HIV provides a roadmap for the future. It led to the creation of global surveillance networks, community-based care models, and clinical research collaborations that helped reshape modern virology and immunology. It catalyzed numerous innovations that now underpin responses to multiple infectious threats. The AIDS response proved that sustained global cooperation saves lives, but HIV research, like preparedness itself, is too often forgotten once the immediate crisis fades.
Further, the social dimensions of HIV — including stigma, inequity, and misinformation — persist. We saw them mirrored during COVID-19. And we continue to see them in debates around funding, where cuts threaten everything from vaccine development to laboratory readiness. The economic burden of HIV, which remains substantial even with modern therapies, makes these funding debates even more consequential. Every new infection adds decades of clinical and financial responsibility to health systems worldwide.
The lessons of HIV point us to three urgent policy commitments:
- Sustained and predictable funding for biomedical research, not boom-and-bust cycles tied to emergencies. Stable investment enables discovery, supports young scientists, and prepares institutions for what we cannot yet see.
- Modernized global and domestic surveillance systems so we can detect viral threats before they become unmanageable.
- Expanded investment in long-term prevention and care for people living with HIV, particularly in understanding why chronic inflammation and immune dysfunction persist despite therapy.

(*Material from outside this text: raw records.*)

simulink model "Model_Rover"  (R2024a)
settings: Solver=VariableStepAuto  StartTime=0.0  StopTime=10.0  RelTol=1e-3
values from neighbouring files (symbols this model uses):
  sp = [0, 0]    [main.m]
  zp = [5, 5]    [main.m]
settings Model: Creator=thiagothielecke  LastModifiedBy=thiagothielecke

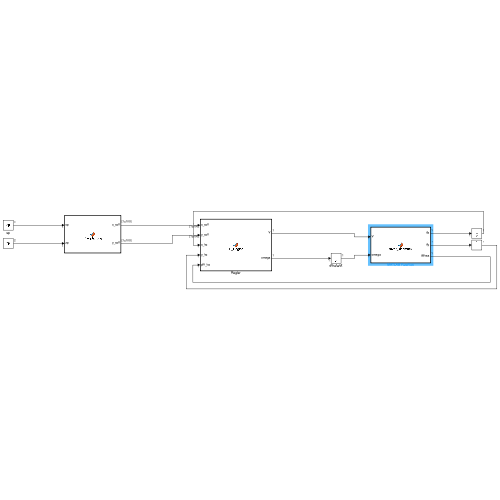
[thumbnail: Simulink's stored preview of the top-level diagram]
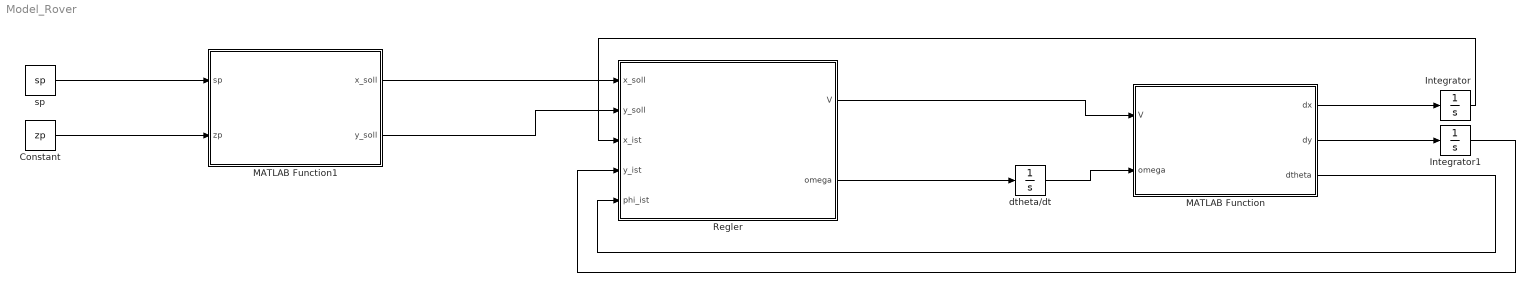
== system Model_Rover ==
  Constant : Constant  Value=zp
  Integrator : Integrator
  Integrator1 : Integrator
  MATLAB Function : MATLAB Function  TreatAsAtomicUnit=on
  MATLAB Function1 : MATLAB Function  TreatAsAtomicUnit=on
  Regler : MATLAB Function  TreatAsAtomicUnit=on
  dtheta/dt : Integrator
  sp : Constant  Value=sp
  wires:
  Regler/1(V) -> MATLAB Function/1(V)
  Regler/2(omega) -> dtheta/dt/1
  dtheta/dt/1 -> MATLAB Function/2(omega)
  MATLAB Function/2(dy) -> Integrator1/1
  MATLAB Function/1(dx) -> Integrator/1
  MATLAB Function/3(dtheta) -> Regler/5(phi_ist)
  Integrator1/1 -> Regler/4(y_ist)
  sp/1 -> MATLAB Function1/1(sp)
  Constant/1 -> MATLAB Function1/2(zp)
  MATLAB Function1/1(x_soll) -> Regler/1(x_soll)
  MATLAB Function1/2(y_soll) -> Regler/2(y_soll)
  Integrator/1 -> Regler/3(x_ist)

== matlab function Model_Rover/Regler ==
  data: x_soll input; V output; y_soll input; x_ist input; y_ist input; phi_ist input; omega output
function [V, omega] = P_Regler(x_soll, y_soll, x_ist, y_ist, phi_ist)

    % Parameter
    Kp_pos = 0.5;      % Verstärkung für Position
    Kp_phi = 0.5;      % Verstärkung für Richtung
    tol_dist = 0.01;   % Toleranz für Position
    tol_angle = 0.01;  % Toleranz für Winkel

    % Positionsfehler (Höhen- und Breitenunterschied)
    fehler_x = x_soll - x_ist;
    fehler_y = y_soll - y_ist;

    % Entfernung und Zielwinkel berechnen
    entfernung = sqrt(fehler_x^2 + fehler_y^2);
    winkel_zum_ziel = atan2(fehler_y, fehler_x);

    %Calculate the angle difference / error
    fehler_phi = winkel_zum_ziel - phi_ist;
    % Winkelabweichung normieren [pi, -pi]
    fehler_phi = atan2(sin(fehler_phi), cos(fehler_phi));

    % Standardwerte: Anhalten
    V = 0.0;
    omega = 0.0;

    if entfernung > tol_dist
        if abs(fehler_phi) > tol_angle
            % Nur rotieren
            omega = Kp_phi * fehler_phi;
            V = 0.0;
        else
            % Nur vorwärts bewegen
            V = Kp_pos * entfernung;
            omega = 0.0;
        end
    end

end

== matlab function Model_Rover/MATLAB Function ==
  data: dx output; V input; dy output; omega input; dtheta output
%% Berechnung der Rover-Kinematik
function [dx, dy, dtheta] = rover_kinematik(V, omega)

%% Eingaben:
%   V     - Vorwärtsgeschwindigkeit [m/s]
%   omega - Winkelgeschwindigkeit [rad/s]
%   theta - momentane Ausrichtung [rad]

%% Ausgaben:
%   dx    - Änderung der x-Position [m/s]
%   dy    - Änderung der y-Position [m/s]
%   dtheta- Änderung des Winkels [rad/s]

dx     = V * cos(theta);
dy     = V * sin(theta);
dtheta = omega;

%% hier Erweiterung der Rover Kinematik mit 4 Rädern

end

== matlab function Model_Rover/MATLAB Function1 ==
  data: sp input; x_soll output; zp input; y_soll output
function[x_soll, y_soll]= Pfadplanung(sp,zp)

%Eingabe
%sp- Startpunkt als Vektor
%zp-Zielpunkt als Vektor

%Anzahl Zwischenpunkte
N = 100;

%Gerade Linie von Start - Zielpunkt
x_soll = linspace(sp(1), zp(1), N);
y_soll = linspace(sp(2), zp(2), N);
end

This knowledge will shape not only the future of HIV care but also our approach to other viral infections, including COVID-19. Strong prevention and cure-focused research are also economically sound strategies, given the long-term cost of lifelong treatment.
I frequently think of the patients who endured the early years of the AIDS epidemic with courage, and of the clinicians and researchers who devoted their lives to understanding this virus. Their legacy calls us not only to remember, but to prepare.
Robert C. Gallo, MD, is co-founder and international scientific director of the Global Virus Network (GVN), founding director of the Institute for Translational Virology & Innovation at the University of South Florida Morsani College of Medicine, and director of the Microbial Oncogenesis Program at Tampa General Hospital Cancer Institute.